── Records for this task ──

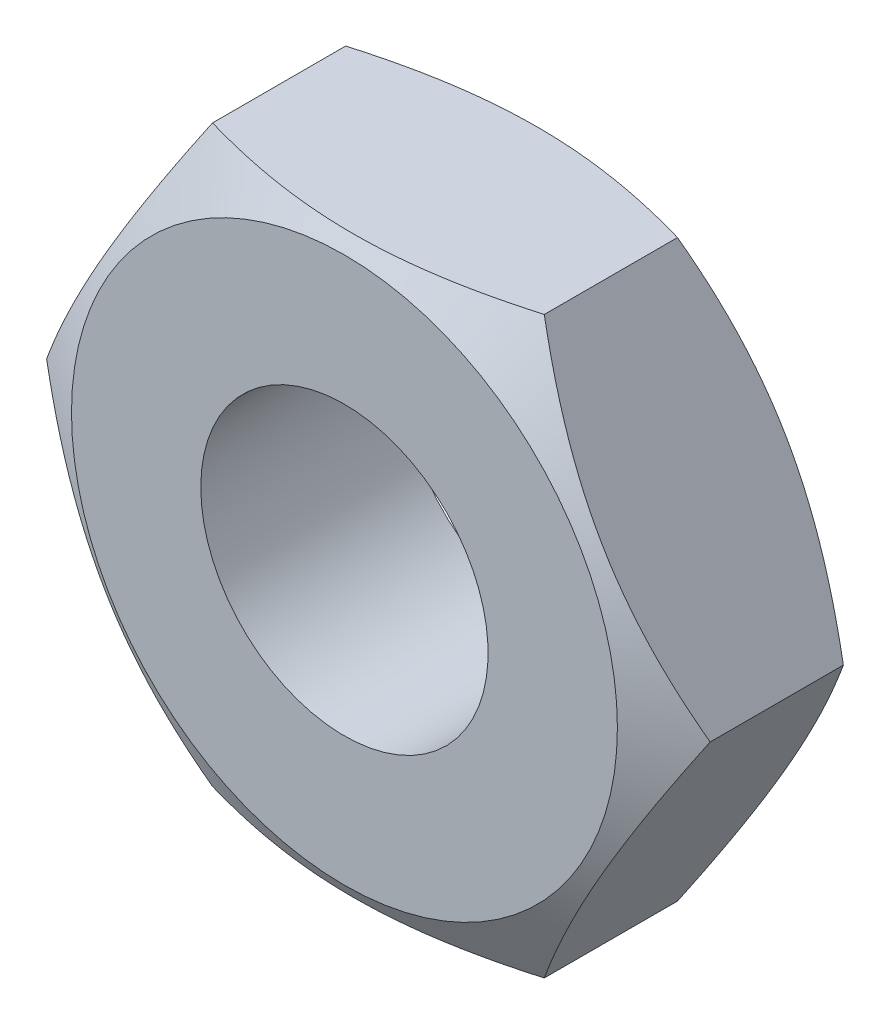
from build123d import *

# Parameters (mm, degrees)
BASE_EXTRUSION_DEPTH = 3.5
PER_AGE1_D           = 5


with BuildPart() as part:
    # Esquisse1 → Base-Extrusion (new body)
    with BuildSketch(Plane.XY):
        Polygon((-5.773502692, 0), (-2.886751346, 5), (2.886751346, 5), (5.773502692, 0), (2.886751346, -5), (-2.886751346, -5), align=None)
    extrude(amount=BASE_EXTRUSION_DEPTH)

    # Esquisse3 → Enlever de la mati_re-R_volution1 (revolve, cut)
    with BuildSketch(Plane(origin=(0, 0, 0), x_dir=(1, 0, 0), z_dir=(0, 1, 0))):
        Polygon((-4.75, 0), (-5.773502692, 0), (-5.773502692, -0.590919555), align=None)
    enlever_de_la_mati_re_r_volution1 = revolve(axis=Axis((0, 0, -2.852729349), (0, 0, 1)), mode=Mode.SUBTRACT)

    # Sym_trie1: Enlever de la mati_re-R_volution1 across plane
    add(enlever_de_la_mati_re_r_volution1.mirror(Plane(origin=(0, 0, 1.75), x_dir=(1, 0, 0), z_dir=(0, 0, -1))), mode=Mode.SUBTRACT)

    # Per_age1 (through all)
    with Locations(Plane(origin=(0, 0, 0), x_dir=(-1, 0, 0), z_dir=(0, 0, -1))):
        with Locations((0, 0)):
            Hole(PER_AGE1_D / 2)


solid = part.part

───

* **Directions**
Respond with the exact lines running from the one that contains "# Esquisse1 → Base-Extrusion (new body)" through the last line of the data above, and no other lines.

* **Task result**
    # Esquisse1 → Base-Extrusion (new body)
    with BuildSketch(Plane.XY):
        Polygon((-5.773502692, 0), (-2.886751346, 5), (2.886751346, 5), (5.773502692, 0), (2.886751346, -5), (-2.886751346, -5), align=None)
    extrude(amount=BASE_EXTRUSION_DEPTH)

    # Esquisse3 → Enlever de la mati_re-R_volution1 (revolve, cut)
    with BuildSketch(Plane(origin=(0, 0, 0), x_dir=(1, 0, 0), z_dir=(0, 1, 0))):
        Polygon((-4.75, 0), (-5.773502692, 0), (-5.773502692, -0.590919555), align=None)
    enlever_de_la_mati_re_r_volution1 = revolve(axis=Axis((0, 0, -2.852729349), (0, 0, 1)), mode=Mode.SUBTRACT)

    # Sym_trie1: Enlever de la mati_re-R_volution1 across plane
    add(enlever_de_la_mati_re_r_volution1.mirror(Plane(origin=(0, 0, 1.75), x_dir=(1, 0, 0), z_dir=(0, 0, -1))), mode=Mode.SUBTRACT)

    # Per_age1 (through all)
    with Locations(Plane(origin=(0, 0, 0), x_dir=(-1, 0, 0), z_dir=(0, 0, -1))):
        with Locations((0, 0)):
            Hole(PER_AGE1_D / 2)


solid = part.part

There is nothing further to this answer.